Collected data
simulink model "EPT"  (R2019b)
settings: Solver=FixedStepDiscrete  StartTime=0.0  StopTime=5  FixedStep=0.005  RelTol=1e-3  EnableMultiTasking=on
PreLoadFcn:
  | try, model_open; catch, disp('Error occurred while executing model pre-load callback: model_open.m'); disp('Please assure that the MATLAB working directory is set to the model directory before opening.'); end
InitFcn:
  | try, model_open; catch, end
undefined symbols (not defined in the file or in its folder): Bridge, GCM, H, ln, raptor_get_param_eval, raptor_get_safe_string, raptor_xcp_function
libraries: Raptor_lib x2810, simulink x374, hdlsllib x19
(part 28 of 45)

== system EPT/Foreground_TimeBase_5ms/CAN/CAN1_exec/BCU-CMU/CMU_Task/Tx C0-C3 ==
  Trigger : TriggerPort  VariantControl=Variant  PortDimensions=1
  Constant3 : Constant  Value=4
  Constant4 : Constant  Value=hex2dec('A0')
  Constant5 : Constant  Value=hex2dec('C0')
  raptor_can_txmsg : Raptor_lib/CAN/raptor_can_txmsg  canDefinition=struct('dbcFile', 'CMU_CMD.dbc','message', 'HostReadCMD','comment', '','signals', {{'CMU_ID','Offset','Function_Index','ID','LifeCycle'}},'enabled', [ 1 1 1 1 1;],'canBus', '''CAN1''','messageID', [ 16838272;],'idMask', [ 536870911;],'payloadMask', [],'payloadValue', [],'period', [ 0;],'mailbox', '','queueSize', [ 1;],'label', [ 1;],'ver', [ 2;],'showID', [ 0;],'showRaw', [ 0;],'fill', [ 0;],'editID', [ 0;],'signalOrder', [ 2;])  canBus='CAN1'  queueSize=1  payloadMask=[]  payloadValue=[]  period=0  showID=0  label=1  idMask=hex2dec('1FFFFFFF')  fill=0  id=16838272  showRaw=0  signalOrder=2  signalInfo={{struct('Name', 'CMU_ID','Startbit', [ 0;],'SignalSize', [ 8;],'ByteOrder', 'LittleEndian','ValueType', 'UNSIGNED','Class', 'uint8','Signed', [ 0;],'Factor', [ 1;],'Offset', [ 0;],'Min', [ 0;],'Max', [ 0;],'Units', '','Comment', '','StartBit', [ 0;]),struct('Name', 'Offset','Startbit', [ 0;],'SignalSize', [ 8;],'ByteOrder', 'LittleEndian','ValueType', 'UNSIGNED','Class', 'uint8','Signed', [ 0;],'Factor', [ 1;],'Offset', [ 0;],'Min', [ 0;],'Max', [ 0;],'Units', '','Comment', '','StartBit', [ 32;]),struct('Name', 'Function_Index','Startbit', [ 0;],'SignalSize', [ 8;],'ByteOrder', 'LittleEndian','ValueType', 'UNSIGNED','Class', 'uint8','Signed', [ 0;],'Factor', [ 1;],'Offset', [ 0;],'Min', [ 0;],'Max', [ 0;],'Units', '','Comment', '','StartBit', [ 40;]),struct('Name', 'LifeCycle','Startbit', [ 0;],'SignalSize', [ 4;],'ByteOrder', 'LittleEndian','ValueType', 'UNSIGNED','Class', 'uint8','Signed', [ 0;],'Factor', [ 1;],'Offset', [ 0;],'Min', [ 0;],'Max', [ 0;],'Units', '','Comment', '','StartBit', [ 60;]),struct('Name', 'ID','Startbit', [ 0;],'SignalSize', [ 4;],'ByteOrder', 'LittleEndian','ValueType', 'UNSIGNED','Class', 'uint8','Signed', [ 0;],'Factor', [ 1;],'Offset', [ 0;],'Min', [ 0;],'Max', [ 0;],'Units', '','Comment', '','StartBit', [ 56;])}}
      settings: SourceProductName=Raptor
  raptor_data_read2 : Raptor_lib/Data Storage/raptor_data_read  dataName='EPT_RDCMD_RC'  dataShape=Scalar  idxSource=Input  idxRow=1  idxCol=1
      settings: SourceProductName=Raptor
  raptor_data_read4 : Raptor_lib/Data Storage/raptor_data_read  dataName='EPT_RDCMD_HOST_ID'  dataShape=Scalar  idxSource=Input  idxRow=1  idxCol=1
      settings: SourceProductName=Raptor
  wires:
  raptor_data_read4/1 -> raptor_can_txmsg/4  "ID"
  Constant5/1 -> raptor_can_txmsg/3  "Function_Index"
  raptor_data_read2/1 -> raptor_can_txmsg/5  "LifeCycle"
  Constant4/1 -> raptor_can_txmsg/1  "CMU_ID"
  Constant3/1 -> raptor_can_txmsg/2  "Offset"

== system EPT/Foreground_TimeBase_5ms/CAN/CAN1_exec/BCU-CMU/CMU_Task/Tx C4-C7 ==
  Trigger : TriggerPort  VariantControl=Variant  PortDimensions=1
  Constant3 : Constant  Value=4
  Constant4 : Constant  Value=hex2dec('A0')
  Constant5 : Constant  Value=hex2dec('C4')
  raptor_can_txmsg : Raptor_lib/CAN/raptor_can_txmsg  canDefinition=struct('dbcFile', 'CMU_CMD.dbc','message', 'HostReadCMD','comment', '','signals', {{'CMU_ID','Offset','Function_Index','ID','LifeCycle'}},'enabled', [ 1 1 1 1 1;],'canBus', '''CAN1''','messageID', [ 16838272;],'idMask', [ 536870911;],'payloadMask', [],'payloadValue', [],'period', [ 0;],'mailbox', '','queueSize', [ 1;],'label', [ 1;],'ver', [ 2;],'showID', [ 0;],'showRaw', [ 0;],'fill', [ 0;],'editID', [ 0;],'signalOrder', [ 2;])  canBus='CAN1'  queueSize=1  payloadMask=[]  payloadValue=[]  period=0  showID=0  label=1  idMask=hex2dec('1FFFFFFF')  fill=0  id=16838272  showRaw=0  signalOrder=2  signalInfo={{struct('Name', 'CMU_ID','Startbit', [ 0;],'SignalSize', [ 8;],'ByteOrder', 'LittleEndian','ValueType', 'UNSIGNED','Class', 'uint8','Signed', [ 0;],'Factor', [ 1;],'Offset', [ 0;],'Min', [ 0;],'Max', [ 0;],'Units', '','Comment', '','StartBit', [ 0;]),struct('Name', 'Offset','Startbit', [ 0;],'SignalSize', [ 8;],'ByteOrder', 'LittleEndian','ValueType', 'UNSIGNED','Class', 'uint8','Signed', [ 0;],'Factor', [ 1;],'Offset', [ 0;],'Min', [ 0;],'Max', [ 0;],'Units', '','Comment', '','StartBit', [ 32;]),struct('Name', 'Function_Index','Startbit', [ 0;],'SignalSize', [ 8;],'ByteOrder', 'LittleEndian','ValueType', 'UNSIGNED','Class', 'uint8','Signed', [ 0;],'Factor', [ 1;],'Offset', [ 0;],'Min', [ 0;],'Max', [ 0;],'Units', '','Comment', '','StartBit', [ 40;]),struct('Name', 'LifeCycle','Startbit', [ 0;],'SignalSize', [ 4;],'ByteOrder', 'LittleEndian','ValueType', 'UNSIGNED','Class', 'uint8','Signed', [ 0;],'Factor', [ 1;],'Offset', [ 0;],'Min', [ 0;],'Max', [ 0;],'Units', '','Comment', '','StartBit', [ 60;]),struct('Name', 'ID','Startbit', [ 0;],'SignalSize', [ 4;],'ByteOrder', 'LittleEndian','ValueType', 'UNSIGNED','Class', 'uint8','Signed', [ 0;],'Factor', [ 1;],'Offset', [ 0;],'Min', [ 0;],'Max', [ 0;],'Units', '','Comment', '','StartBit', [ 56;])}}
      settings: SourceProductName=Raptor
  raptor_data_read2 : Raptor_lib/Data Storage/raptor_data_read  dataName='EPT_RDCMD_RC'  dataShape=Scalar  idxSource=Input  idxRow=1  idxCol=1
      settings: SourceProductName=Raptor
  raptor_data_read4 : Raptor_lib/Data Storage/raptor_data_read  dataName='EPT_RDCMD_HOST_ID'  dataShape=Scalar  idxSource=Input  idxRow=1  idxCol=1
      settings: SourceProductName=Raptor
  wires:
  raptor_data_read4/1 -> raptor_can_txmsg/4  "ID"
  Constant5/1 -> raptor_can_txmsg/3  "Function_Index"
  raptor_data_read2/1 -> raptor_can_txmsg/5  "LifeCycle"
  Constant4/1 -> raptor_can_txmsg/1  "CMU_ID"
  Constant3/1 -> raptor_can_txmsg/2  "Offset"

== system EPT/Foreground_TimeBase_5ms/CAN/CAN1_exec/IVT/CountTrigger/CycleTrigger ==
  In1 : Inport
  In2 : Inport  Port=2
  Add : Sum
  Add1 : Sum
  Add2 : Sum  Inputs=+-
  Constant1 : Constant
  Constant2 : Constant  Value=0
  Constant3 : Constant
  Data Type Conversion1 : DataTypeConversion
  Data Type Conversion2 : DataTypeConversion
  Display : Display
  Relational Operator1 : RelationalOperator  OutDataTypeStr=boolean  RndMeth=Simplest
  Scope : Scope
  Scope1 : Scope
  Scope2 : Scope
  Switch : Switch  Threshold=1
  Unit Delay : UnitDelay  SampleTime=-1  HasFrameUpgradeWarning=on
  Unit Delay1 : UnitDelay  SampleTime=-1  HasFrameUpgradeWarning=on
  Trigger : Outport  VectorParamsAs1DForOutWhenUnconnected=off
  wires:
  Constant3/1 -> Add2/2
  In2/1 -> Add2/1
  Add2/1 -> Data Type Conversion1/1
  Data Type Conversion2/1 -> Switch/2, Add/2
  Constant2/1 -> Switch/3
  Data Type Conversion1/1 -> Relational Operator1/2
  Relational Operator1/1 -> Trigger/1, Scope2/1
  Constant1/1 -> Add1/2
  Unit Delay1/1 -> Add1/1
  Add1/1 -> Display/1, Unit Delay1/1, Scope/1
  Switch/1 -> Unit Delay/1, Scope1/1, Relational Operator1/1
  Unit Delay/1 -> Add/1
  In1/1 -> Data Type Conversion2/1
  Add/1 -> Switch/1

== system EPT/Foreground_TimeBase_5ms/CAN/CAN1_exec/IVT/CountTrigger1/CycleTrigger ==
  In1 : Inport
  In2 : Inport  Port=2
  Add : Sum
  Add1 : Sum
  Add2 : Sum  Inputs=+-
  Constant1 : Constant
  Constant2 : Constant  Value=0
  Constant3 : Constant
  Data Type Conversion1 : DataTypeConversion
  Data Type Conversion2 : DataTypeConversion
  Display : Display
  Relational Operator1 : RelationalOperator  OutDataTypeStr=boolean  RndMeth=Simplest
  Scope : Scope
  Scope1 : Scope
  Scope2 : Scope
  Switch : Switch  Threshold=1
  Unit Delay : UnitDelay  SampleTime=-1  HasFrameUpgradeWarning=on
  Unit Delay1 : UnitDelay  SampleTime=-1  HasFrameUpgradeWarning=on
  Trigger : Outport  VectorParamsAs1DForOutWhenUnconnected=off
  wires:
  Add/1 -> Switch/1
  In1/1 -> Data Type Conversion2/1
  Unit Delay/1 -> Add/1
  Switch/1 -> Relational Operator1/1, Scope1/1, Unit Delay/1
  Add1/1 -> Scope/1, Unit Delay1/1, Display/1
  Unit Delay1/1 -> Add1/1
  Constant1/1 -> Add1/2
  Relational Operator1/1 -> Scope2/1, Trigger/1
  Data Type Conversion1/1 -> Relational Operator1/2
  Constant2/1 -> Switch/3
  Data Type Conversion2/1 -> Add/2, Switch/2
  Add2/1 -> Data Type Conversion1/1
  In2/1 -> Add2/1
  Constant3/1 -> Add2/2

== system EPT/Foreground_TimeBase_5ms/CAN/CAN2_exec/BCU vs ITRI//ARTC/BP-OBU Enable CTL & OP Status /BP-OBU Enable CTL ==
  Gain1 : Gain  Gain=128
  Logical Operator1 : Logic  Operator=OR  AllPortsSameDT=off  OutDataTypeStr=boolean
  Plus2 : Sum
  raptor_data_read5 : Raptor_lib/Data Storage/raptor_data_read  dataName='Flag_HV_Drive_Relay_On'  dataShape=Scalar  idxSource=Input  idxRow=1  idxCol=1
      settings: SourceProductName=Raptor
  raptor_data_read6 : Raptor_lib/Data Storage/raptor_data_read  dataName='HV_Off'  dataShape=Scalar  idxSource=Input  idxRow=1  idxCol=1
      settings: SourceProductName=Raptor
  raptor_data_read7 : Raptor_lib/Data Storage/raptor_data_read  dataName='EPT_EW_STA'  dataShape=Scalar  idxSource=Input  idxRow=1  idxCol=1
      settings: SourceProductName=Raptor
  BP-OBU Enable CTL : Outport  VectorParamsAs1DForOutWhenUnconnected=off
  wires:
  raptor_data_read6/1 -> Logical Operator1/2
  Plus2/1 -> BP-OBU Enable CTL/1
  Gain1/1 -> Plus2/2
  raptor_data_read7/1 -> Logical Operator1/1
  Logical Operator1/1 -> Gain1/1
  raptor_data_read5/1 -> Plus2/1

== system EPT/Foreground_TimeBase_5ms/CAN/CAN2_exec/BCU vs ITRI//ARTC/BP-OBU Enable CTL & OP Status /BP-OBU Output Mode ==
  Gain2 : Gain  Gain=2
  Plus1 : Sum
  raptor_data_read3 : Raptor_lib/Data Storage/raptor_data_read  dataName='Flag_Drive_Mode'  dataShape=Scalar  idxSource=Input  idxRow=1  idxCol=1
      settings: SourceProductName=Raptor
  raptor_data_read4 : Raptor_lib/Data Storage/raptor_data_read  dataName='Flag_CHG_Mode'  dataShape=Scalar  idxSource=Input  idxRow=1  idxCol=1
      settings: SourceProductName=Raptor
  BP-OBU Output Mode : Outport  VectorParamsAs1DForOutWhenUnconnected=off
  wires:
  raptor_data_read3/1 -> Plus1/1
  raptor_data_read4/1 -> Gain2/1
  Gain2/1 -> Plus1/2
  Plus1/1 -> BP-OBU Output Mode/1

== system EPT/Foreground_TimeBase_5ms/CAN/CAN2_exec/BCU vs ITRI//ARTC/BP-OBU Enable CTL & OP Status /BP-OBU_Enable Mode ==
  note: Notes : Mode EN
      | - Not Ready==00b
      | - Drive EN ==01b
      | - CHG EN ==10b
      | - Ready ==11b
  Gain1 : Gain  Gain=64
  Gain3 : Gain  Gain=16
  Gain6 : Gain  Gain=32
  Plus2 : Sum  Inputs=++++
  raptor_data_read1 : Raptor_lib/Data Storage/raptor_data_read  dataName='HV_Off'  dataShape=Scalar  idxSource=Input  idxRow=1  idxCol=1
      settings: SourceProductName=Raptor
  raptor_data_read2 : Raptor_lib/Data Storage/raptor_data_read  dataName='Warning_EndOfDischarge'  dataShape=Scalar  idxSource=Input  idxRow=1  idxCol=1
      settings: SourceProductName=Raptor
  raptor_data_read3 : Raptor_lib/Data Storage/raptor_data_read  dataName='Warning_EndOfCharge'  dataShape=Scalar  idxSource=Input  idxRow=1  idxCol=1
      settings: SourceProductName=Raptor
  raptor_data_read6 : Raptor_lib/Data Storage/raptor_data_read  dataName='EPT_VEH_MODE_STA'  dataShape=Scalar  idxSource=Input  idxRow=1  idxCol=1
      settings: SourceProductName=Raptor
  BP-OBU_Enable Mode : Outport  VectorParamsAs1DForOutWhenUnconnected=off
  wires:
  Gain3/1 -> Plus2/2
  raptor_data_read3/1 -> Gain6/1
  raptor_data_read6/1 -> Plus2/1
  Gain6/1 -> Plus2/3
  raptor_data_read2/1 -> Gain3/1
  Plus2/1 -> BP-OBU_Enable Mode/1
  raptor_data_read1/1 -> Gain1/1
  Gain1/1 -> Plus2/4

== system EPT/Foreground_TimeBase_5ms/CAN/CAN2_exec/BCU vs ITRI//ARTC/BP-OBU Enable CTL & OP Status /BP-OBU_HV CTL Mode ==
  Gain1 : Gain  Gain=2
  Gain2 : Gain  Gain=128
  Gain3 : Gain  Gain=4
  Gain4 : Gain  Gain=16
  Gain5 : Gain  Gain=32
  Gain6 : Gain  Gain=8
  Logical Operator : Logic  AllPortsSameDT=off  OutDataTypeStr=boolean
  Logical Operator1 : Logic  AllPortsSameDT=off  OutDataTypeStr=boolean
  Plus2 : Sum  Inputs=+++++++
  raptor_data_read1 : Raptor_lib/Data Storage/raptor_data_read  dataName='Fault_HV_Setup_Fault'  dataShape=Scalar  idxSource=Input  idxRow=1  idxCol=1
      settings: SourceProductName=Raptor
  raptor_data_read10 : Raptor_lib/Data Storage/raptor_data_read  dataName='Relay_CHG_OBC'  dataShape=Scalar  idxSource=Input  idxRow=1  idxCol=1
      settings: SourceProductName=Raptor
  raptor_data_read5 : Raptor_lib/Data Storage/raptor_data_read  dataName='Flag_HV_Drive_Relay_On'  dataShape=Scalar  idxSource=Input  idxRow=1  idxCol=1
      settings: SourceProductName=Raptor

_About this task_
Report, using only a number, how many lines above hold the word "Inputs".

_Result for this exercise_
4